> **Work task**
Set down the lines that begin at the top of the records and end with the line containing "layer by layer", and drop every picture.

> **Data**
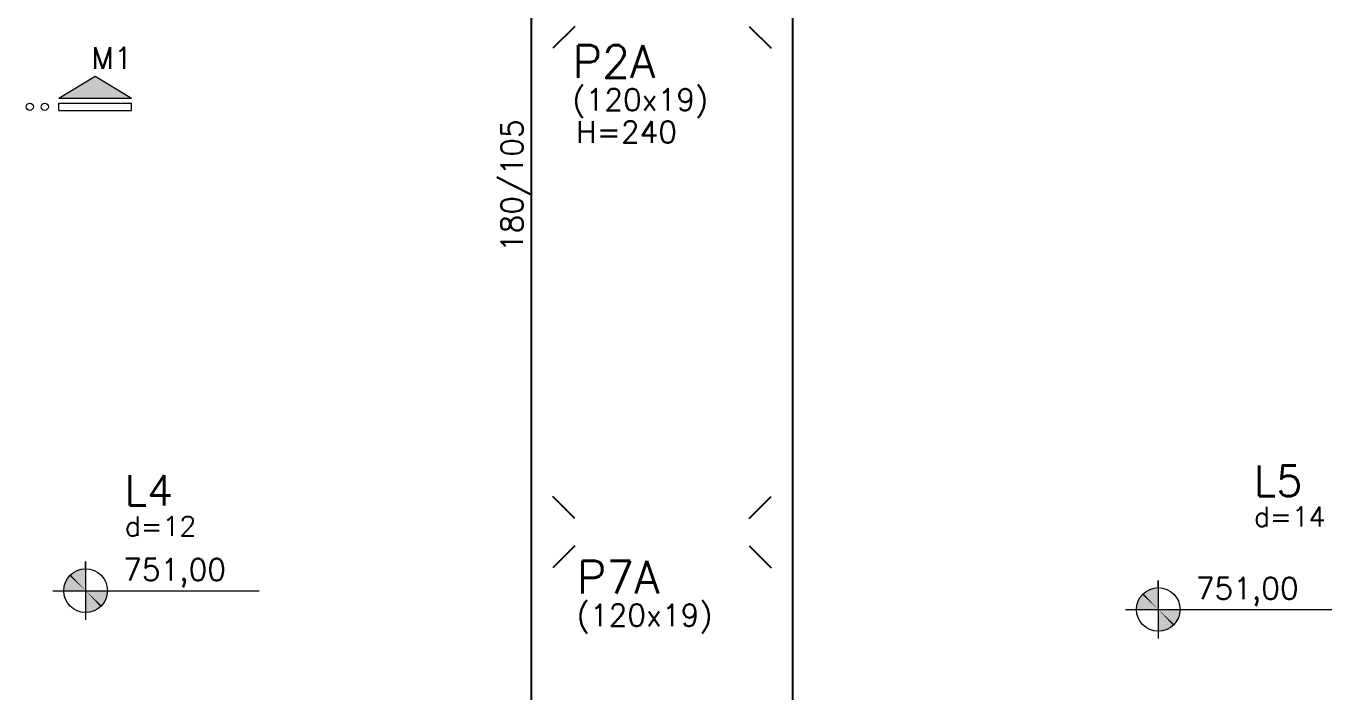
# Model space of a CAD drawing. Extents: x -40810 to 33675, y -2018 to 21213.
# Drawn here: x 16266 to 17164, y 3583 to 4041 of the extents above; entities that cross this region are included whole.
import ezdxf

# ---------------------------------------------------------------- set-up
doc = ezdxf.new("R2010")
doc.units = 0
doc.layers.get('0').update_dxf_attribs({"color": 1, "lineweight": 9})
for name, color, linetype in [('1', 5, 'Continuous'), ('10', 7, 'Continuous'), ('11', 22, 'Continuous'), ('12', 3, 'Continuous'), ('13', 7, 'Continuous'), ('242', 3, 'Continuous'), ('26', 1, 'Continuous'), ('27', 10, 'Continuous'), ('6', 6, 'Continuous'), ('8', 5, 'Continuous'), ('9', 3, 'Continuous')]:
    doc.layers.add(name, color=color, linetype=linetype)
doc.styles.get("Standard").update_dxf_attribs({"font": 'romans.shx', "width": 0.8})

msp = doc.modelspace()

# ---------------------------------------------------------------- linework, layer by layer
for p, q in [((16288.142, 3991.901), (16313.143, 4006.901)), ((16313.142, 4006.901), (16338.142, 3991.9)), ((16288.142, 3991.901), (16338.142, 3991.9)), ((16288.142, 3988.401), (16338.142, 3988.401)), ((16288.142, 3983.401), (16288.142, 3988.401)), ((16338.142, 3983.4), (16338.142, 3988.401)), ((16288.142, 3983.401), (16338.142, 3983.4)), ((16306.546, 3667.93), (16306.546, 3672.93)), ((16306.546, 3672.93), (16306.546, 3632.93)), ((17044.186, 3655.027), (17044.186, 3660.027)), ((17044.186, 3660.027), (17044.186, 3620.027)), ((16284.046, 3652.93), (16425.955, 3652.93)), ((17021.686, 3640.027), (17163.596, 3640.027))]:
    msp.add_line(p, q)
for centre, radius in [((16268.142, 3985.901), 2.5), ((16278.453, 3985.901), 2.5), ((16306.546, 3652.93), 15), ((17044.186, 3640.027), 15)]:
    msp.add_circle(centre, radius)
at = {"layer": '1'}
for points in [[(16612.927, 4049.183), (16612.927, 3693.191)], [(16792.927, 3693.191), (16792.927, 4049.183)], [(16612.927, 3693.191), (16612.927, 3349.191)], [(16792.927, 3362.191), (16792.927, 3693.191)]]:
    msp.add_lwpolyline(points, dxfattribs=at)
at = {"layer": '242'}
msp.add_line((16702.927, 3693.191), (16702.927, 3693.191), dxfattribs=at)
at = {"layer": '27'}
for points in [[(16338.142, 3991.9), (16288.142, 3991.901), (16313.143, 4006.901)], [(16338.142, 3991.9), (16313.143, 4006.901), (16338.142, 3991.9)], [(16306.546, 3652.93), (16296.344, 3663.927), (16295.525, 3663.105)], [(16306.546, 3652.93), (16296.91, 3664.425), (16296.344, 3663.927)], [(16306.546, 3652.93), (16297.59, 3664.963), (16296.91, 3664.425)], [(16306.546, 3652.93), (16298.181, 3665.381), (16297.59, 3664.963)], [(16306.546, 3652.93), (16298.957, 3665.869), (16298.181, 3665.381)], [(16306.546, 3652.93), (16299.638, 3666.245), (16298.957, 3665.869)], [(16306.546, 3652.93), (16300.537, 3666.674), (16299.638, 3666.245)], [(16306.546, 3652.93), (16301.032, 3666.88), (16300.537, 3666.674)], [(16306.546, 3652.93), (16302.127, 3667.264), (16301.032, 3666.88)], [(16306.546, 3652.93), (16303.501, 3667.618), (16302.127, 3667.264)], [(16306.546, 3652.93), (16304.686, 3667.814), (16303.501, 3667.618)], [(16306.546, 3652.93), (16306.546, 3667.93), (16304.686, 3667.814)], [(16306.546, 3652.93), (16291.713, 3655.164), (16291.581, 3653.956)], [(16306.546, 3652.93), (16291.843, 3655.901), (16291.713, 3655.164)], [(16306.546, 3652.93), (16292.066, 3656.845), (16291.843, 3655.901)], [(16306.546, 3652.93), (16292.504, 3658.205), (16292.066, 3656.845)], [(16306.546, 3652.93), (16293.117, 3659.614), (16292.504, 3658.205)], [(16306.546, 3652.93), (16293.692, 3660.662), (16293.117, 3659.614)], [(16306.546, 3652.93), (16294.333, 3661.639), (16293.692, 3660.662)], [(16306.546, 3652.93), (16295.525, 3663.105), (16294.333, 3661.639)], [(17044.186, 3640.027), (17041.142, 3654.715), (17039.768, 3654.361)], [(17044.186, 3640.027), (17042.327, 3654.911), (17041.142, 3654.715)], [(17044.186, 3640.027), (17044.186, 3655.027), (17042.327, 3654.911)], [(16306.546, 3652.93), (16291.575, 3653.864), (16291.546, 3652.93)], [(16306.546, 3652.93), (16291.546, 3652.93), (16306.546, 3652.93)], [(16306.546, 3652.93), (16291.581, 3653.956), (16291.575, 3653.864)], [(16306.546, 3652.93), (16321.546, 3652.93), (16321.43, 3651.07)], [(16306.546, 3652.93), (16321.43, 3651.07), (16321.233, 3649.885)], [(16306.546, 3652.93), (16321.233, 3649.885), (16320.88, 3648.511)], [(16306.546, 3652.93), (16320.88, 3648.511), (16320.495, 3647.416)], [(16306.546, 3652.93), (16320.495, 3647.416), (16320.29, 3646.921)], [(16306.546, 3652.93), (16320.29, 3646.921), (16319.86, 3646.022)], [(16306.546, 3652.93), (16319.86, 3646.022), (16319.485, 3645.341)], [(16306.546, 3652.93), (16319.485, 3645.341), (16318.997, 3644.565)], [(16306.546, 3652.93), (16318.997, 3644.565), (16318.579, 3643.974)], [(16306.546, 3652.93), (16318.579, 3643.974), (16318.041, 3643.294)], [(16306.546, 3652.93), (16318.041, 3643.294), (16317.542, 3642.728)], [(16306.546, 3652.93), (16317.542, 3642.728), (16316.721, 3641.909)], [(16306.546, 3652.93), (16316.721, 3641.909), (16315.254, 3640.717)], [(16306.546, 3652.93), (16315.254, 3640.717), (16314.278, 3640.076)], [(16306.546, 3652.93), (16314.278, 3640.076), (16313.23, 3639.501)], [(16306.546, 3652.93), (16313.23, 3639.501), (16311.82, 3638.888)], [(16306.546, 3652.93), (16311.82, 3638.888), (16310.461, 3638.45)], [(16306.546, 3652.93), (16310.461, 3638.45), (16309.517, 3638.227)], [(16306.546, 3652.93), (16309.517, 3638.227), (16308.78, 3638.097)], [(16306.546, 3652.93), (16308.78, 3638.097), (16307.572, 3637.965)], [(16306.546, 3652.93), (16307.572, 3637.965), (16307.48, 3637.959)], [(16306.546, 3652.93), (16307.48, 3637.959), (16306.546, 3637.93)], [(16306.546, 3652.93), (16306.546, 3637.93), (16306.546, 3652.93)], [(17044.186, 3640.027), (17030.758, 3646.711), (17030.144, 3645.302)], [(17044.186, 3640.027), (17031.333, 3647.759), (17030.758, 3646.711)], [(17044.186, 3640.027), (17031.974, 3648.736), (17031.333, 3647.759)], [(17044.186, 3640.027), (17033.165, 3650.202), (17031.974, 3648.736)], [(17044.186, 3640.027), (17033.985, 3651.024), (17033.165, 3650.202)], [(17044.186, 3640.027), (17034.55, 3651.522), (17033.985, 3651.024)], [(17044.186, 3640.027), (17035.231, 3652.06), (17034.55, 3651.522)], [(17044.186, 3640.027), (17035.822, 3652.478), (17035.231, 3652.06)], [(17044.186, 3640.027), (17036.598, 3652.966), (17035.822, 3652.478)], [(17044.186, 3640.027), (17037.279, 3653.342), (17036.598, 3652.966)], [(17044.186, 3640.027), (17038.178, 3653.771), (17037.279, 3653.342)], [(17044.186, 3640.027), (17038.672, 3653.977), (17038.178, 3653.771)], [(17044.186, 3640.027), (17039.768, 3654.361), (17038.672, 3653.977)], [(17044.186, 3640.027), (17029.216, 3640.961), (17029.186, 3640.027)], [(17044.186, 3640.027), (17029.186, 3640.027), (17044.186, 3640.027)], [(17044.186, 3640.027), (17029.222, 3641.053), (17029.216, 3640.961)], [(17044.186, 3640.027), (17029.354, 3642.261), (17029.222, 3641.053)], [(17044.186, 3640.027), (17029.484, 3642.998), (17029.354, 3642.261)], [(17044.186, 3640.027), (17029.706, 3643.942), (17029.484, 3642.998)], [(17044.186, 3640.027), (17030.144, 3645.302), (17029.706, 3643.942)], [(17044.186, 3640.027), (17059.186, 3640.027), (17059.071, 3638.167)], [(17044.186, 3640.027), (17059.071, 3638.167), (17058.874, 3636.982)], [(17044.186, 3640.027), (17058.874, 3636.982), (17058.521, 3635.608)], [(17044.186, 3640.027), (17058.521, 3635.608), (17058.136, 3634.513)], [(17044.186, 3640.027), (17058.136, 3634.513), (17057.93, 3634.018)], [(17044.186, 3640.027), (17057.93, 3634.018), (17057.501, 3633.119)], [(17044.186, 3640.027), (17057.501, 3633.119), (17057.125, 3632.439)], [(17044.186, 3640.027), (17057.125, 3632.439), (17056.638, 3631.662)], [(17044.186, 3640.027), (17056.638, 3631.662), (17056.22, 3631.071)], [(17044.186, 3640.027), (17056.22, 3631.071), (17055.682, 3630.391)], [(17044.186, 3640.027), (17055.682, 3630.391), (17055.183, 3629.825)], [(17044.186, 3640.027), (17055.183, 3629.825), (17054.362, 3629.006)], [(17044.186, 3640.027), (17054.362, 3629.006), (17052.895, 3627.814)], [(17044.186, 3640.027), (17052.895, 3627.814), (17051.919, 3627.174)], [(17044.186, 3640.027), (17051.919, 3627.174), (17050.871, 3626.598)], [(17044.186, 3640.027), (17050.871, 3626.598), (17049.461, 3625.985)], [(17044.186, 3640.027), (17049.461, 3625.985), (17048.102, 3625.547)], [(17044.186, 3640.027), (17048.102, 3625.547), (17047.158, 3625.324)], [(17044.186, 3640.027), (17047.158, 3625.324), (17046.421, 3625.194)], [(17044.186, 3640.027), (17046.421, 3625.194), (17045.213, 3625.062)], [(17044.186, 3640.027), (17045.213, 3625.062), (17045.121, 3625.056)], [(17044.186, 3640.027), (17045.121, 3625.056), (17044.186, 3625.027)], [(17044.186, 3640.027), (17044.186, 3625.027), (17044.186, 3640.027)]]:
    msp.add_solid(points, dxfattribs=at)
at = {"layer": '6'}
for p, q in [((16642.927, 4041.191), (16627.927, 4026.191)), ((16762.927, 4041.191), (16777.927, 4026.191)), ((16642.927, 3702.691), (16627.927, 3717.691)), ((16762.927, 3702.691), (16777.927, 3717.691)), ((16642.927, 3683.691), (16627.927, 3668.691)), ((16762.927, 3683.691), (16777.927, 3668.691))]:
    msp.add_line(p, q, dxfattribs=at)

# ---------------------------------------------------------------- texts
at = {"layer": '10'}
for s, p in [('L5', (17109.966, 3717.956)), ('L4', (16333.466, 3711.456))]:
    msp.add_text(s, height=21, dxfattribs=at).set_placement(p)
at = {"layer": '11'}
msp.add_text('180/105', height=15, rotation=90, dxfattribs=at).set_placement((16607.302, 3885.933))
at = {"layer": '12'}
for s, p in [('(120x19)', (16641.429, 3983.294)), ('H=240', (16643.83, 3961.082)), ('(120x19)', (16644.382, 3628.575))]:
    msp.add_text(s, height=15, dxfattribs=at).set_placement(p)
at = {"layer": '13'}
for s, p in [('d=14', (17109.966, 3697.061)), ('d=12', (16333.466, 3690.561))]:
    msp.add_text(s, height=13.5, dxfattribs=at).set_placement(p)
at = {"layer": '26'}
for p in [(16332.383, 3659.959), (17070.024, 3647.056)]:
    msp.add_text('751,00', height=15, dxfattribs=at).set_placement(p)
at = {"layer": '8'}
msp.add_text('M1', height=15, dxfattribs=at).set_placement((16310.645, 4011.894))
at = {"layer": '9'}
for s, p in [('P2A', (16641.429, 4005.794)), ('P7A', (16644.382, 3651.075))]:
    msp.add_text(s, height=22.5, dxfattribs=at).set_placement(p)

doc.saveas('drawing.dxf')

> **Exercise output**
# Model space of a CAD drawing. Extents: x -40810 to 33675, y -2018 to 21213.
# Drawn here: x 16266 to 17164, y 3583 to 4041 of the extents above; entities that cross this region are included whole.
import ezdxf

# ---------------------------------------------------------------- set-up
doc = ezdxf.new("R2010")
doc.units = 0
doc.layers.get('0').update_dxf_attribs({"color": 1, "lineweight": 9})
for name, color, linetype in [('1', 5, 'Continuous'), ('10', 7, 'Continuous'), ('11', 22, 'Continuous'), ('12', 3, 'Continuous'), ('13', 7, 'Continuous'), ('242', 3, 'Continuous'), ('26', 1, 'Continuous'), ('27', 10, 'Continuous'), ('6', 6, 'Continuous'), ('8', 5, 'Continuous'), ('9', 3, 'Continuous')]:
    doc.layers.add(name, color=color, linetype=linetype)
doc.styles.get("Standard").update_dxf_attribs({"font": 'romans.shx', "width": 0.8})

msp = doc.modelspace()

# ---------------------------------------------------------------- linework, layer by layer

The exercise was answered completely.